Your goal:
Give the data again exactly, without its images.

Items from a data source:
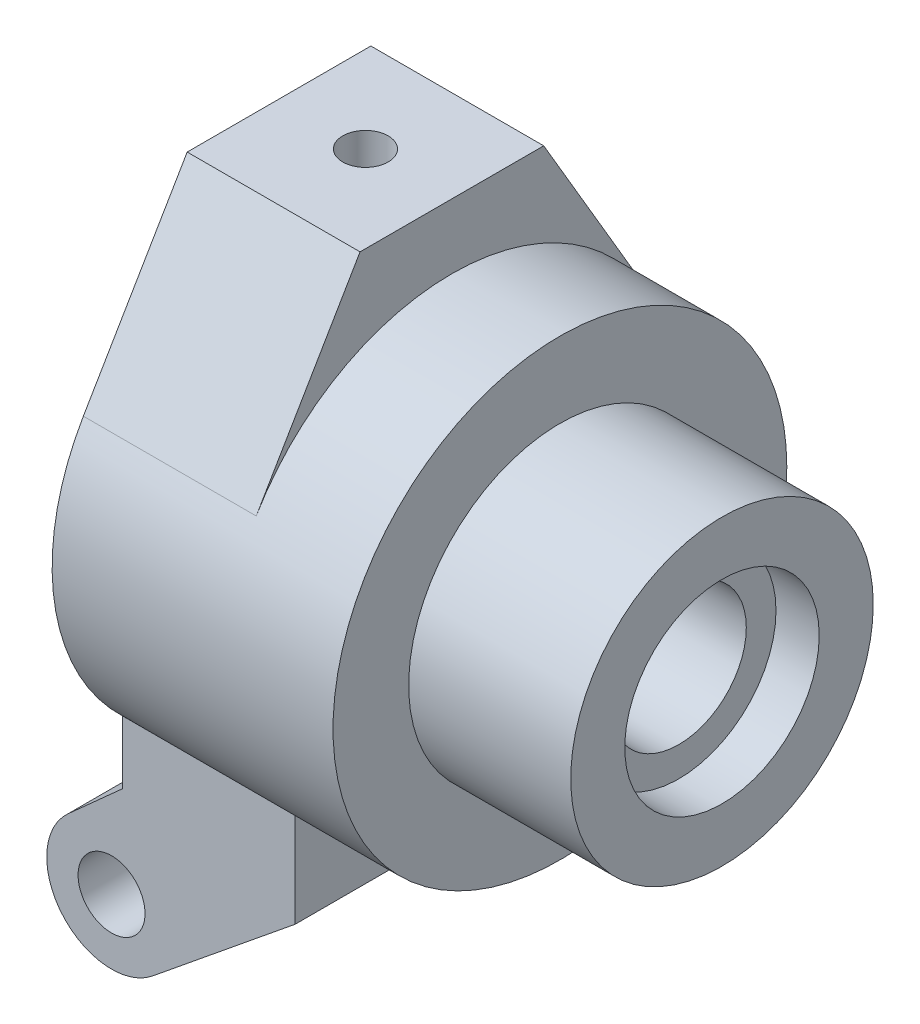
from build123d import *

# Parameters (mm, degrees)
SKETCH_1_R               = 21
EXTRUDE_1_DEPTH          = 26
SKETCH_2_R               = 14
EXTRUDE_2_DEPTH          = 15
EXTRUDE_3_DEPTH          = 16
SKETCH_5_R               = 3.1
EXTRUDE_4_DEPTH          = 14.5
SKETCH_6_R               = 17
CUT_EXTRUDE_2_DEPTH      = 16
SKETCH_7_R               = 9
CUT_EXTRUDE_3_DEPTH      = 4
SKETCH_8_R               = 6.25
CUT_EXTRUDE_4_DEPTH      = 50.658836072
CUT_EXTRUDE_START        = -4
SKETCH_9_R               = 9
CUT_EXTRUDE_5_DEPTH      = 4
CUT_EXTRUDE_6_REACH      = 80.045
CUT_EXTRUDE_6_END_RADIUS = 17
SKETCH_10_R              = 1.75
HOLE_WIZARD_M5_1_REACH   = 76.155
HOLE_WIZARD_M5_1_BORE_R  = 2.1


with BuildPart() as part:
    # 草图1 → 凸台-拉伸1 (new body)
    with BuildSketch(Plane(origin=(0, 0, 0), x_dir=(0, 0, -1), z_dir=(1, 0, 0))):
        with Locations(Location((0, 0, 0), (0, 0, 180))):
            Circle(SKETCH_1_R)
    extrude(amount=EXTRUDE_1_DEPTH)

    # 草图2 → 凸台-拉伸2 (add)
    with BuildSketch(Plane(origin=(26, 0, 0), x_dir=(0, 0, -1), z_dir=(1, 0, 0))):
        Circle(SKETCH_2_R)
    extrude(amount=EXTRUDE_2_DEPTH)

    # 草图4 → 凸台-拉伸3 (add)
    with BuildSketch(Plane.ZY):
        with BuildLine():
            Line((0, 27), (-8.5, 27))
            Line((-8.5, 27), (-18.109583017, 10.63216831))
            ThreePointArc((-18.109583017, 10.63216831), (-10.433706568, 18.224647246), (0, 21))
            Line((0, 21), (0, 27))
        make_face()
        with BuildLine():
            Line((8.5, 27), (0, 27))
            Line((0, 27), (0, 21))
            ThreePointArc((0, 21), (10.433706568, 18.224647246), (18.109583017, 10.63216831))
            Line((18.109583017, 10.63216831), (8.5, 27))
        make_face()
    extrude(amount=-EXTRUDE_3_DEPTH)

    # 草图5 → 凸台-拉伸4 (add, symmetric)
    with BuildSketch(Plane.XY):
        with BuildLine():
            Line((16, -14), (0, -14))
            Line((0, -14), (0, -21.041445119))
            Line((0, -21.041445119), (-5.007077172, -25.534204154))
            ThreePointArc((-5.007077172, -25.534204154), (-6.479163396, -27.554847963), (-7, -30))
            ThreePointArc((-7, -30), (-3.575969226, -35.418891265), (2.788127515, -34.652965713))
            Line((2.788127515, -34.652965713), (16, -23.896759721))
            Line((16, -23.896759721), (16, -14))
        make_face()
        with Locations(Location((-1, -30, 0), (0, 0, 180))):
            Circle(SKETCH_5_R, mode=Mode.SUBTRACT)
    extrude(amount=EXTRUDE_4_DEPTH, both=True)

    # 草图6 → 切除-拉伸2 (cut)
    with BuildSketch(Plane.ZY):
        Circle(SKETCH_6_R)
    extrude(amount=-CUT_EXTRUDE_2_DEPTH, mode=Mode.SUBTRACT)

    # 草图7 → 切除-拉伸3 (cut)
    with BuildSketch(Plane.ZY.offset(-16)):
        Circle(SKETCH_7_R)
    extrude(amount=-CUT_EXTRUDE_3_DEPTH, mode=Mode.SUBTRACT)

    # 草图8 → 切除-拉伸4 (cut, through all)
    with BuildSketch(Plane.ZY.offset(-20)):
        Circle(SKETCH_8_R)
    extrude(amount=-CUT_EXTRUDE_4_DEPTH, mode=Mode.SUBTRACT)

    # 草图9 → 切除-拉伸5 (cut)
    with BuildSketch(Plane(origin=(41, 0, 0), x_dir=(0, 0, -1), z_dir=(1, 0, 0)).offset(CUT_EXTRUDE_START)):
        with Locations(Location((0, 0, 0), (0, 0, 180))):
            Circle(SKETCH_9_R)
    extrude(amount=CUT_EXTRUDE_5_DEPTH, mode=Mode.SUBTRACT)

    # 切除-拉伸6: up to this cylinder (the profile starts outside it)
    cut_extrude_6_end = Plane(origin=(8, 0, 0), z_dir=(-1, 0, 0)) * Cylinder(CUT_EXTRUDE_6_END_RADIUS, 195.09, mode=Mode.PRIVATE)
    # 草图10 → 切除-拉伸6 (cut, up to the surface)
    with BuildSketch(Plane(origin=(0, 27, 0), x_dir=(1, 0, 0), z_dir=(0, 1, 0)), mode=Mode.PRIVATE) as cut_extrude_6_sk1:
        with Locations(Location((8, 0, 0), (0, 0, 270))):
            Circle(SKETCH_10_R)
    cut_extrude_6_tool1 = extrude(cut_extrude_6_sk1.sketch, amount=-CUT_EXTRUDE_6_REACH, mode=Mode.PRIVATE) - cut_extrude_6_end
    add(cut_extrude_6_tool1.solids().sort_by_distance((8, 27, 0))[0], mode=Mode.SUBTRACT)

    # M5 螺纹孔1 bore (on position points) → M5 螺纹孔1 (cut, up to next)
    with BuildSketch(Plane(origin=(8, 27, 0), x_dir=(0, 0, 1), z_dir=(0, 1, 0)), mode=Mode.PRIVATE) as hole_wizard_m5_1_sk1:
        Circle(HOLE_WIZARD_M5_1_BORE_R)
    hole_wizard_m5_1_tool1 = extrude(hole_wizard_m5_1_sk1.sketch, amount=-HOLE_WIZARD_M5_1_REACH, mode=Mode.PRIVATE) & part.part
    add(hole_wizard_m5_1_tool1.solids().sort_by_distance((8, 27, 0))[0], mode=Mode.SUBTRACT)


solid = part.part

Response:
from build123d import *

# Parameters (mm, degrees)
SKETCH_1_R               = 21
EXTRUDE_1_DEPTH          = 26
SKETCH_2_R               = 14
EXTRUDE_2_DEPTH          = 15
EXTRUDE_3_DEPTH          = 16
SKETCH_5_R               = 3.1
EXTRUDE_4_DEPTH          = 14.5
SKETCH_6_R               = 17
CUT_EXTRUDE_2_DEPTH      = 16
SKETCH_7_R               = 9
CUT_EXTRUDE_3_DEPTH      = 4
SKETCH_8_R               = 6.25
CUT_EXTRUDE_4_DEPTH      = 50.658836072
CUT_EXTRUDE_START        = -4
SKETCH_9_R               = 9
CUT_EXTRUDE_5_DEPTH      = 4
CUT_EXTRUDE_6_REACH      = 80.045
CUT_EXTRUDE_6_END_RADIUS = 17
SKETCH_10_R              = 1.75
HOLE_WIZARD_M5_1_REACH   = 76.155
HOLE_WIZARD_M5_1_BORE_R  = 2.1


with BuildPart() as part:
    # 草图1 → 凸台-拉伸1 (new body)
    with BuildSketch(Plane(origin=(0, 0, 0), x_dir=(0, 0, -1), z_dir=(1, 0, 0))):
        with Locations(Location((0, 0, 0), (0, 0, 180))):
            Circle(SKETCH_1_R)
    extrude(amount=EXTRUDE_1_DEPTH)

    # 草图2 → 凸台-拉伸2 (add)
    with BuildSketch(Plane(origin=(26, 0, 0), x_dir=(0, 0, -1), z_dir=(1, 0, 0))):
        Circle(SKETCH_2_R)
    extrude(amount=EXTRUDE_2_DEPTH)

    # 草图4 → 凸台-拉伸3 (add)
    with BuildSketch(Plane.ZY):
        with BuildLine():
            Line((0, 27), (-8.5, 27))
            Line((-8.5, 27), (-18.109583017, 10.63216831))
            ThreePointArc((-18.109583017, 10.63216831), (-10.433706568, 18.224647246), (0, 21))
            Line((0, 21), (0, 27))
        make_face()
        with BuildLine():
            Line((8.5, 27), (0, 27))
            Line((0, 27), (0, 21))
            ThreePointArc((0, 21), (10.433706568, 18.224647246), (18.109583017, 10.63216831))
            Line((18.109583017, 10.63216831), (8.5, 27))
        make_face()
    extrude(amount=-EXTRUDE_3_DEPTH)

    # 草图5 → 凸台-拉伸4 (add, symmetric)
    with BuildSketch(Plane.XY):
        with BuildLine():
            Line((16, -14), (0, -14))
            Line((0, -14), (0, -21.041445119))
            Line((0, -21.041445119), (-5.007077172, -25.534204154))
            ThreePointArc((-5.007077172, -25.534204154), (-6.479163396, -27.554847963), (-7, -30))
            ThreePointArc((-7, -30), (-3.575969226, -35.418891265), (2.788127515, -34.652965713))
            Line((2.788127515, -34.652965713), (16, -23.896759721))
            Line((16, -23.896759721), (16, -14))
        make_face()
        with Locations(Location((-1, -30, 0), (0, 0, 180))):
            Circle(SKETCH_5_R, mode=Mode.SUBTRACT)
    extrude(amount=EXTRUDE_4_DEPTH, both=True)

    # 草图6 → 切除-拉伸2 (cut)
    with BuildSketch(Plane.ZY):
        Circle(SKETCH_6_R)
    extrude(amount=-CUT_EXTRUDE_2_DEPTH, mode=Mode.SUBTRACT)

    # 草图7 → 切除-拉伸3 (cut)
    with BuildSketch(Plane.ZY.offset(-16)):
        Circle(SKETCH_7_R)
    extrude(amount=-CUT_EXTRUDE_3_DEPTH, mode=Mode.SUBTRACT)

    # 草图8 → 切除-拉伸4 (cut, through all)
    with BuildSketch(Plane.ZY.offset(-20)):
        Circle(SKETCH_8_R)
    extrude(amount=-CUT_EXTRUDE_4_DEPTH, mode=Mode.SUBTRACT)

    # 草图9 → 切除-拉伸5 (cut)
    with BuildSketch(Plane(origin=(41, 0, 0), x_dir=(0, 0, -1), z_dir=(1, 0, 0)).offset(CUT_EXTRUDE_START)):
        with Locations(Location((0, 0, 0), (0, 0, 180))):
            Circle(SKETCH_9_R)
    extrude(amount=CUT_EXTRUDE_5_DEPTH, mode=Mode.SUBTRACT)

    # 切除-拉伸6: up to this cylinder (the profile starts outside it)
    cut_extrude_6_end = Plane(origin=(8, 0, 0), z_dir=(-1, 0, 0)) * Cylinder(CUT_EXTRUDE_6_END_RADIUS, 195.09, mode=Mode.PRIVATE)
    # 草图10 → 切除-拉伸6 (cut, up to the surface)
    with BuildSketch(Plane(origin=(0, 27, 0), x_dir=(1, 0, 0), z_dir=(0, 1, 0)), mode=Mode.PRIVATE) as cut_extrude_6_sk1:
        with Locations(Location((8, 0, 0), (0, 0, 270))):
            Circle(SKETCH_10_R)
    cut_extrude_6_tool1 = extrude(cut_extrude_6_sk1.sketch, amount=-CUT_EXTRUDE_6_REACH, mode=Mode.PRIVATE) - cut_extrude_6_end
    add(cut_extrude_6_tool1.solids().sort_by_distance((8, 27, 0))[0], mode=Mode.SUBTRACT)

    # M5 螺纹孔1 bore (on position points) → M5 螺纹孔1 (cut, up to next)
    with BuildSketch(Plane(origin=(8, 27, 0), x_dir=(0, 0, 1), z_dir=(0, 1, 0)), mode=Mode.PRIVATE) as hole_wizard_m5_1_sk1:
        Circle(HOLE_WIZARD_M5_1_BORE_R)
    hole_wizard_m5_1_tool1 = extrude(hole_wizard_m5_1_sk1.sketch, amount=-HOLE_WIZARD_M5_1_REACH, mode=Mode.PRIVATE) & part.part
    add(hole_wizard_m5_1_tool1.solids().sort_by_distance((8, 27, 0))[0], mode=Mode.SUBTRACT)


solid = part.part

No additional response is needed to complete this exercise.